- _PROBLEM TO SOLVE_
Images are not part of the copy; transcribe all the data exactly.

- _RECORDS FOR THIS TASK_

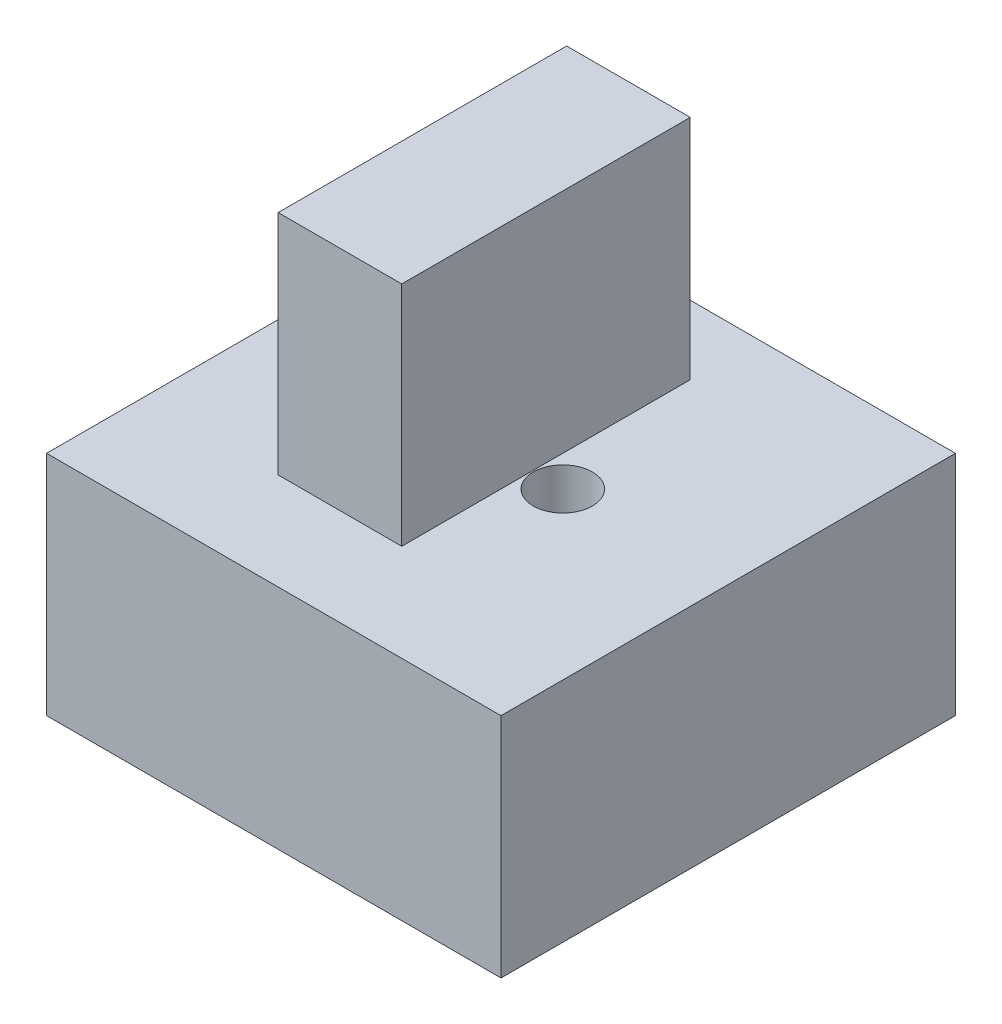
from build123d import *

# Parameters (mm, degrees)
SKETCH1_W           = 10
SKETCH1_H           = 10
SKETCH1_R           = 0.65
BOSS_EXTRUDE1_DEPTH = 5
SKETCH2_W           = 2.72
SKETCH2_H           = 6.349019662
BOSS_EXTRUDE2_DEPTH = 5


with BuildPart() as part:
    # Sketch1 → Boss-Extrude1 (new body)
    with BuildSketch(Plane(origin=(0, 0, 0), x_dir=(1, 0, 0), z_dir=(0, 1, 0))):
        Rectangle(SKETCH1_W, SKETCH1_H)
        Circle(SKETCH1_R, mode=Mode.SUBTRACT)
        with Locations((1.36, 0)):
            Circle(SKETCH1_R, mode=Mode.SUBTRACT)
        with Locations((-1.36, 0)):
            Circle(SKETCH1_R, mode=Mode.SUBTRACT)
        with Locations((-2.72, 0)):
            Circle(SKETCH1_R, mode=Mode.SUBTRACT)
    extrude(amount=BOSS_EXTRUDE1_DEPTH)

    # Sketch2 → Boss-Extrude2 (add)
    with BuildSketch(Plane(origin=(0, 5, 0), x_dir=(1, 0, 0), z_dir=(0, 1, 0))):
        with Locations((-0.68, 0.31018967)):
            Rectangle(SKETCH2_W, SKETCH2_H)
    extrude(amount=BOSS_EXTRUDE2_DEPTH)


solid = part.part

- _YOUR RESPONSE_
from build123d import *

# Parameters (mm, degrees)
SKETCH1_W           = 10
SKETCH1_H           = 10
SKETCH1_R           = 0.65
BOSS_EXTRUDE1_DEPTH = 5
SKETCH2_W           = 2.72
SKETCH2_H           = 6.349019662
BOSS_EXTRUDE2_DEPTH = 5


with BuildPart() as part:
    # Sketch1 → Boss-Extrude1 (new body)
    with BuildSketch(Plane(origin=(0, 0, 0), x_dir=(1, 0, 0), z_dir=(0, 1, 0))):
        Rectangle(SKETCH1_W, SKETCH1_H)
        Circle(SKETCH1_R, mode=Mode.SUBTRACT)
        with Locations((1.36, 0)):
            Circle(SKETCH1_R, mode=Mode.SUBTRACT)
        with Locations((-1.36, 0)):
            Circle(SKETCH1_R, mode=Mode.SUBTRACT)
        with Locations((-2.72, 0)):
            Circle(SKETCH1_R, mode=Mode.SUBTRACT)
    extrude(amount=BOSS_EXTRUDE1_DEPTH)

    # Sketch2 → Boss-Extrude2 (add)
    with BuildSketch(Plane(origin=(0, 5, 0), x_dir=(1, 0, 0), z_dir=(0, 1, 0))):
        with Locations((-0.68, 0.31018967)):
            Rectangle(SKETCH2_W, SKETCH2_H)
    extrude(amount=BOSS_EXTRUDE2_DEPTH)


solid = part.part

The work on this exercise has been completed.